Haas wirkte sehr klar, verglichen mit Angelique Kerber, die zwei Stunden vor ihm im „Interview Room 2“ Platz genommen hatte – mit Augen, so rot verquollen, als habe sie gerade „Vom Winde verweht“ gesehen, aber dreimal in Folge. Kerber suchte nach Erklärungen für eine Achtelfinal-Niederlage, die sich so las: 6:4, 3:6, 6:7 (3:7) gegen Carla Suarez Navarro aus Spanien, die Nummer 18 der Weltrangliste. Kerber hatte im dritten Satz zweimal geführt, mit 4:2 und mit 6:5, und doch das Spiel nicht für sich entscheiden können. „Es ist hart, da gibt es auch nicht viel zu sagen. Es wird ein paar Tage dauern, bis ich das verarbeitet habe.“

Der 1. September 2013 wird nicht als „Tag der Deutschen“ in die Annalen der US Open eingehen. Zunächst verlor Florian Mayer gegen Andy Murray mit 6:7, 2:6, 2:6, aber das war wenig überraschend. Mayer ist die Nummer 47 der Welt, Murray die Nummer drei. Kerbers Niederlage war verwunderlicher, da sie die Nummer neun der Welt ist und optimistisch unterwegs war: „Für mich ist es immer wieder schön, nach New York zu kommen“, hatte sie geschwärmt.

Der Schatten von Sabine Lisicki

In New York habe ja alles angefangen, ihr Aufstieg in die Top Ten, der mit dem Erreichen des Halbfinales der US Open 2011 begann. Nun hat man inzwischen aber manchmal den Eindruck, als dass Kerber sich eher zurück als nach vorn entwickelt. Sie ist noch immer die Nummer neun der Welt, aber sie tat sich zuletzt schwer, ihrem Status gerecht zu werden.

Kerber, 25, kam in diesem Jahr bei keinem der Grand Slam-Turniere über das Achtelfinale hinaus; in Wimbledon scheiterte sie in der zweiten Runde. Dann stand sie auf einmal im Schatten von Sabine Lisicki, die dort das Finale erreichte und ein deutsches Tennis-Interesse wiedererweckte, das mit Steffi Graf ausgewandert zu sein schien.
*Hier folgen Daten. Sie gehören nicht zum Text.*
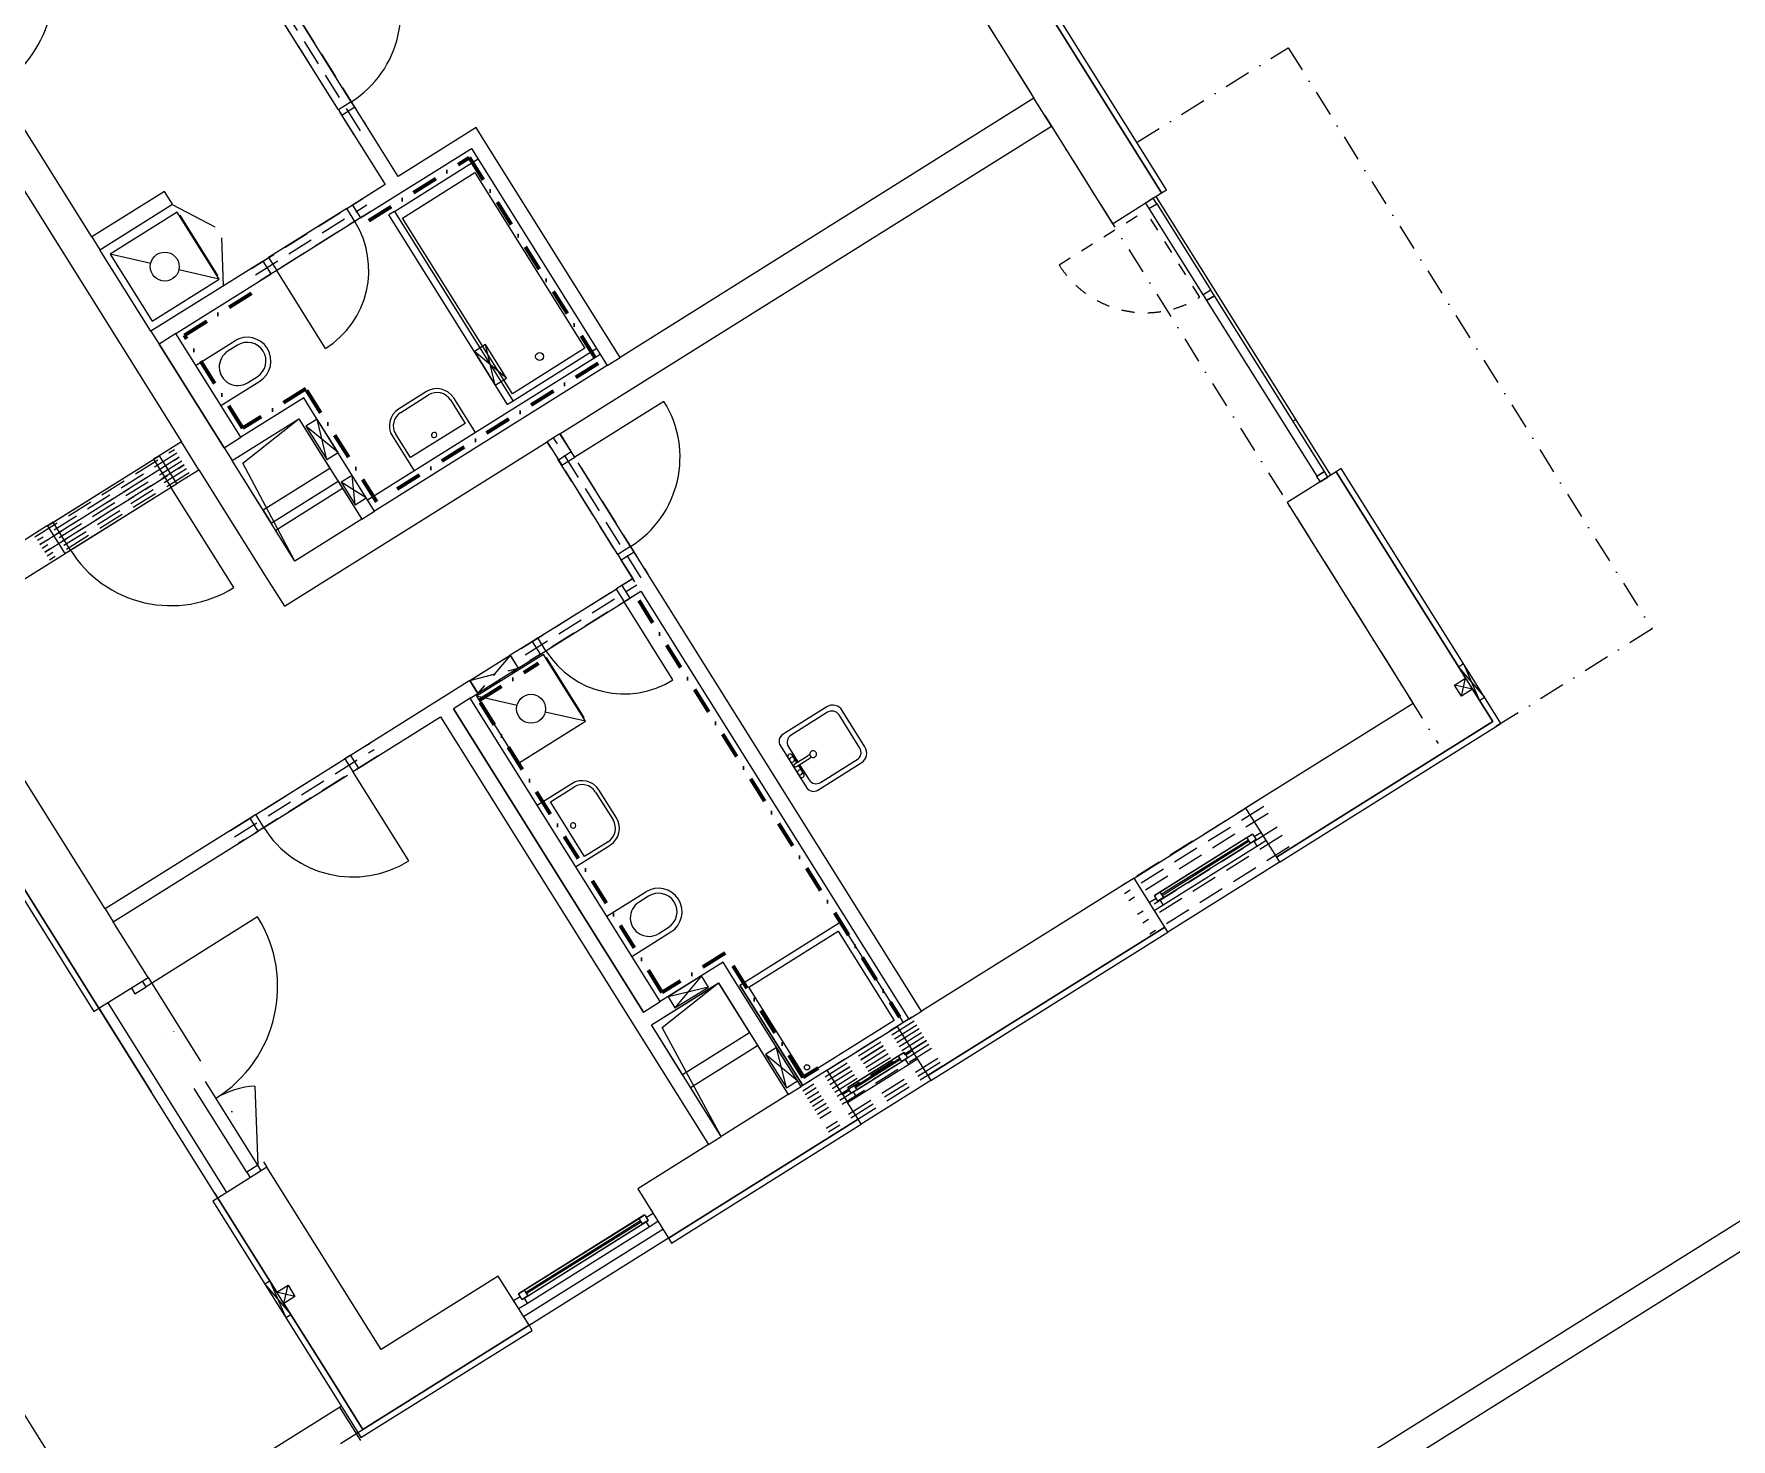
# Model space of a CAD drawing. Header units: millimetres. Extents: x -9129 to 220959, y -4760 to 72638.
# Drawn here: x 159750 to 172643, y 17535 to 28209 of the extents above; entities that cross this region are included whole.
import ezdxf

# ---------------------------------------------------------------- set-up
doc = ezdxf.new("R2010")
doc.units = ezdxf.units.MM
for name, pattern in [('HA_Dash_2mm-S1mm', [200, 100, -100]), ('HA_Dash_3mm-S1mm', [300, 200, -100]), ('HA_DashDot_2_2mm-S0_6mm', [1650, 750, -450, 0, -450]), ('HA_DashDot_4mm-S1mm', [400, 200, -100, 0, -100])]:
    doc.linetypes.add(name, pattern=pattern)
for name, color, linetype, lineweight in [('A-DETL-____-OTLN', 9, 'Continuous', 25), ('A-DETL-GENF-OTLN', 9, 'Continuous', 9), ('A-DOOR-____-MCUT', 9, 'HA_DashDot_2_2mm-S0_6mm', 9), ('A-DOOR-____-OTLN', 9, 'Continuous', 9), ('A-DOOR-FRAM-MCUT', 9, 'Continuous', 9), ('A-DOOR-FRAM-OTLN', 9, 'Continuous', 9), ('A-FLOR-____-OTLN', 9, 'Continuous', 9), ('A-FLOR-____-OVHD', 9, 'HA_DashDot_4mm-S1mm', 25), ('A-GENM-____-HDLN', 9, 'HA_Dash_3mm-S1mm', 9), ('A-GENM-____-MCUT', 9, 'HA_Dash_3mm-S1mm', 25), ('A-GENM-____-OTLN', 9, 'Continuous', 9), ('A-GLAZ-____-MCUT', 9, 'Continuous', 5), ('A-GLAZ-____-OTLN', 9, 'Continuous', 5), ('A-GLAZ-CURT-MCUT', 9, 'Continuous', 5), ('A-GLAZ-CURT-OTLN', 9, 'Continuous', 5), ('A-GLAZ-CWMG-MCUT', 9, 'Continuous', 5), ('A-GLAZ-CWMG-OTLN', 9, 'Continuous', 5), ('A-WALL-____-MCUT', 9, 'Continuous', 25), ('A-WALL-____-OTLN', 9, 'Continuous', 9), ('E-ELEC-FIXT-OTLN', 9, 'Continuous', 9), ('I-WALL-____-MCUT', 9, 'Continuous', 25), ('I-WALL-____-OTLN', 9, 'Continuous', 9), ('M-HVAC-DUCT-OTLN', 9, 'Continuous', 9), ('P-SANR-FIXT-OTLN', 9, 'Continuous', 9), ('S-BEAM-____-OTLN', 9, 'Continuous', 9)]:
    doc.layers.add(name, color=color, linetype=linetype, lineweight=lineweight)

# ---------------------------------------------------------------- blocks, each defined once
blk = doc.blocks.new('HA_DR_Single_Swing_Solid - In_BJ_900x2100_Vstup-2040222-schema POHLEDU D_140_6400')
at = {"layer": 'A-DOOR-____-MCUT'}
for p, q in [((-450, 125), (450, 125)), ((-450, -125), (450, -125))]:
    blk.add_line(p, q, dxfattribs=at)
at = {"layer": 'A-DOOR-____-OTLN'}
for p, q in [((-500, 125), (500, 125)), ((-500, -125), (500, -125))]:
    blk.add_line(p, q, dxfattribs=at)
at = {"layer": 'A-DOOR-____-OTLN', "lineweight": 5}
blk.add_line((450, -1025), (450, -125), dxfattribs=at)
blk.add_arc((450, -125), 900, 180, 270, dxfattribs=at)
at = {"layer": 'A-DOOR-FRAM-MCUT'}
for p, q in [((-450, 125), (-500, 125)), ((-450, -125), (-450, 125)), ((500, 125), (450, 125)), ((450, 125), (450, -125)), ((-500, -125), (-450, -125)), ((450, -125), (500, -125))]:
    blk.add_line(p, q, dxfattribs=at)
blk = doc.blocks.new('HA_DR_Single_Swing_Solid - In_BJ_700x2100-2040355-schema POHLEDU D_140_6400')
at = {"layer": 'A-DOOR-____-MCUT'}
for p, q in [((-350, 57.5), (350, 57.5)), ((-350, -57.5), (350, -57.5))]:
    blk.add_line(p, q, dxfattribs=at)
at = {"layer": 'A-DOOR-____-OTLN', "lineweight": 5}
blk.add_line((350, 757.5), (350, 57.5), dxfattribs=at)
blk.add_arc((350, 57.5), 700, 90, 180, dxfattribs=at)
at = {"layer": 'A-DOOR-FRAM-MCUT'}
for p, q in [((-400, 57.5), (-350, 57.5)), ((-350, 57.5), (-350, -57.5)), ((350, 57.5), (400, 57.5)), ((350, -57.5), (350, 57.5)), ((-350, -57.5), (-400, -57.5)), ((400, -57.5), (350, -57.5))]:
    blk.add_line(p, q, dxfattribs=at)
blk = doc.blocks.new('HA_DR_Single_Swing_Solid - In_BJ_800x2100-2040331-schema POHLEDU D_140_6400')
at = {"layer": 'A-DOOR-____-MCUT'}
for p, q in [((-400, 57.5), (400, 57.5)), ((-400, -57.5), (400, -57.5))]:
    blk.add_line(p, q, dxfattribs=at)
at = {"layer": 'A-DOOR-____-OTLN', "lineweight": 5}
blk.add_line((400, -857.5), (400, -57.5), dxfattribs=at)
blk.add_arc((400, -57.5), 800, 180, 270, dxfattribs=at)
at = {"layer": 'A-DOOR-FRAM-MCUT'}
for p, q in [((-400, 57.5), (-450, 57.5)), ((-400, -57.5), (-400, 57.5)), ((450, 57.5), (400, 57.5)), ((400, 57.5), (400, -57.5)), ((-450, -57.5), (-400, -57.5)), ((400, -57.5), (450, -57.5))]:
    blk.add_line(p, q, dxfattribs=at)
blk = doc.blocks.new('HA_DR_Single_Swing_Solid - In_BJ_900x2100_Vstup-2040226-schema POHLEDU D_140_6400')
at = {"layer": 'A-DOOR-____-MCUT'}
for p, q in [((-450, 125), (450, 125)), ((-450, -125), (450, -125))]:
    blk.add_line(p, q, dxfattribs=at)
at = {"layer": 'A-DOOR-____-OTLN'}
for p, q in [((-500, 125), (500, 125)), ((-500, -125), (500, -125))]:
    blk.add_line(p, q, dxfattribs=at)
at = {"layer": 'A-DOOR-____-OTLN', "lineweight": 5}
blk.add_line((450, -1025), (450, -125), dxfattribs=at)
blk.add_arc((450, -125), 900, 180, 270, dxfattribs=at)
at = {"layer": 'A-DOOR-FRAM-MCUT'}
for p, q in [((-450, 125), (-500, 125)), ((-450, -125), (-450, 125)), ((500, 125), (450, 125)), ((450, 125), (450, -125)), ((-500, -125), (-450, -125)), ((450, -125), (500, -125))]:
    blk.add_line(p, q, dxfattribs=at)
blk = doc.blocks.new('HA_WD_SinglePanel - 1250x2400-1662821-schema POHLEDU D_140_6400')
at = {"layer": 'A-GLAZ-____-MCUT'}
for p, q in [((-545, 70), (-625, 70)), ((-625, 0), (-565, 0)), ((-565, -25), (-565, 25)), ((-565, 25), (-515, 25)), ((-545, 25), (-545, 70)), ((-515, 25), (-515, -25)), ((515, 5), (-515, 5)), ((515, -25), (515, 25)), ((515, 25), (565, 25)), ((625, 70), (545, 70)), ((545, 70), (545, 25)), ((565, 25), (565, -25)), ((565, 0), (625, 0)), ((-515, -25), (-565, -25)), ((515, -5), (-515, -5)), ((565, -25), (515, -25))]:
    blk.add_line(p, q, dxfattribs=at)
at = {"layer": 'A-GLAZ-____-OTLN'}
for p, q in [((565, 25), (-565, 25)), ((-565, -25), (-565, 25)), ((545, 70), (-545, 70)), ((515, 25), (-515, 25)), ((565, 25), (565, -25)), ((-565, -25), (565, -25)), ((515, -25), (-515, -25))]:
    blk.add_line(p, q, dxfattribs=at)
blk = doc.blocks.new('HA_WD_SinglePanel - 1000x1500-1662820-schema POHLEDU D_140_6400')
at = {"layer": 'A-GLAZ-____-MCUT'}
for p, q in [((-420, 70), (-500, 70)), ((-500, 0), (-440, 0)), ((-440, -25), (-440, 25)), ((-440, 25), (-390, 25)), ((-420, 25), (-420, 70)), ((-390, 25), (-390, -25)), ((390, 5), (-390, 5)), ((390, -25), (390, 25)), ((390, 25), (440, 25)), ((500, 70), (420, 70)), ((420, 70), (420, 25)), ((440, 25), (440, -25)), ((440, 0), (500, 0)), ((-390, -25), (-440, -25)), ((390, -5), (-390, -5)), ((440, -25), (390, -25))]:
    blk.add_line(p, q, dxfattribs=at)
at = {"layer": 'A-GLAZ-____-OTLN'}
for p, q in [((440, 25), (-440, 25)), ((-440, -25), (-440, 25)), ((420, 70), (-420, 70)), ((390, 25), (-390, 25)), ((440, 25), (440, -25)), ((-440, -25), (440, -25)), ((390, -25), (-390, -25))]:
    blk.add_line(p, q, dxfattribs=at)
blk = doc.blocks.new('HA_GM_Shaft_Rectangle - Default-2056019-schema POHLEDU D_140_6400')
at = {"layer": 'A-DETL-GENF-OTLN'}
for p, q in [((60, -60), (600, 0)), ((0, -900), (60, -60))]:
    blk.add_line(p, q, dxfattribs=at)
at = {"layer": 'A-GENM-____-OTLN'}
for p, q in [((0, -900), (0, 0)), ((0, 0), (600, 0)), ((600, 0), (600, -900)), ((600, -900), (0, -900))]:
    blk.add_line(p, q, dxfattribs=at)
blk = doc.blocks.new('HA_GM_Shaft_Rectangle - Default-2056015-schema POHLEDU D_140_6400')
at = {"layer": 'A-DETL-GENF-OTLN'}
for p, q in [((60, -60), (600, 0)), ((0, -1000), (60, -60))]:
    blk.add_line(p, q, dxfattribs=at)
at = {"layer": 'A-GENM-____-OTLN'}
for p, q in [((0, -1000), (0, 0)), ((0, 0), (600, 0)), ((600, 0), (600, -1000)), ((600, -1000), (0, -1000))]:
    blk.add_line(p, q, dxfattribs=at)
blk = doc.blocks.new('ABMV_WashBasin_Generic - 550x460-1465709-schema POHLEDU D_140_6400')
at = {"layer": 'P-SANR-FIXT-OTLN'}
for p, q in [((250, 510), (0, 510)), ((0, 480), (250, 480)), ((-150, 360), (-150, 50)), ((-120, 150), (-120, 360)), ((370, 360), (370, 150)), ((400, 50), (400, 360)), ((370, 150), (-120, 150))]:
    blk.add_line(p, q, dxfattribs=at)
for centre, radius, start, end in [((0, 360), 150, 90, 180), ((0, 360), 120, 90, 180), ((250, 360), 150, 360, 90), ((250, 360), 120, 360, 90), ((125, 200), 20, 90, 270), ((125, 200), 20, 270, 90)]:
    blk.add_arc(centre, radius, start, end, dxfattribs=at)
blk = doc.blocks.new('ABMV_ShowerBasin_Generic - 900x900-1421436-schema POHLEDU D_140_6400')
at = {"layer": 'P-SANR-FIXT-OTLN'}
for p, q in [((0, 0), (0, 900)), ((0, 900), (900, 900)), ((0, 900), (900, 900)), ((0, 900), (0, 0)), ((50, 50), (50, 850)), ((50, 850), (850, 850)), ((50, 850), (850, 850)), ((50, 50), (50, 850)), ((850, 850), (850, 50)), ((850, 850), (850, 50)), ((900, 900), (900, 0)), ((900, 900), (900, 0)), ((850, 50), (50, 50)), ((850, 50), (50, 50))]:
    blk.add_line(p, q, dxfattribs=at)
blk.add_circle((100, 100), 20, dxfattribs=at)
blk = doc.blocks.new('ABMV_Bathtub_Generic - 800x1700-1414026-schema POHLEDU D_140_6400')
at = {"layer": 'P-SANR-FIXT-OTLN'}
for p, q in [((50, 1700), (800, 1700)), ((50, 1700), (800, 1700)), ((75, 50), (75, 1625)), ((75, 1625), (725, 1625)), ((75, 1625), (725, 1625)), ((75, 50), (75, 1625)), ((725, 1625), (725, 50)), ((725, 1625), (725, 50)), ((800, 0), (50, 0)), ((800, 0), (50, 0)), ((725, 50), (75, 50)), ((725, 50), (75, 50))]:
    blk.add_line(p, q, dxfattribs=at)
blk.add_circle((400, 180), 30, dxfattribs=at)
blk = doc.blocks.new('R_bathroom_washing_machine - 600x600x900-1423135-schema POHLEDU D_140_6400')
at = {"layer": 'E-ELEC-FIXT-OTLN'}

Plötzlich waren alle „Bum Bum Bine“. Doch niemand war „Bum Bum Angie“. Auch jetzt nicht, als Kerber als einzige Deutsche das Achtelfinale der US Open erreichte, während Lisicki schon auf dem Heimweg war – nach einem etwas mauen Drittrunden-Aus.

Nun kann Lisicki aber gucken wie Lady Di - mit allerliebstem Rehaugenaufschlag. Kerber wirkt daneben oft ein bisschen spröde, wenn sie erklären soll, was diesmal wieder schief gegangen ist. Dabei macht sie sich durchaus Gedanken.

"Diesmal war ich die Gejagte"

Am Sonntag etwa kam sie zu dem Schluss, dass sie zwei Jahre hinter sich habe, die unterschiedlicher hätten kaum sein können: „Letztes Jahr war ich die, die nichts zu verlieren hatte. Diesmal war ich die Gejagte“, sagte sie, als ihre Augen waren nicht mehr ganz so verquollen waren. Sie sei froh, „diese zwei Extremsituationen“ hinter sich zu haben. „Das jetzt in eine Bahn zu bekommen ist das, was zählt“, so Kerber.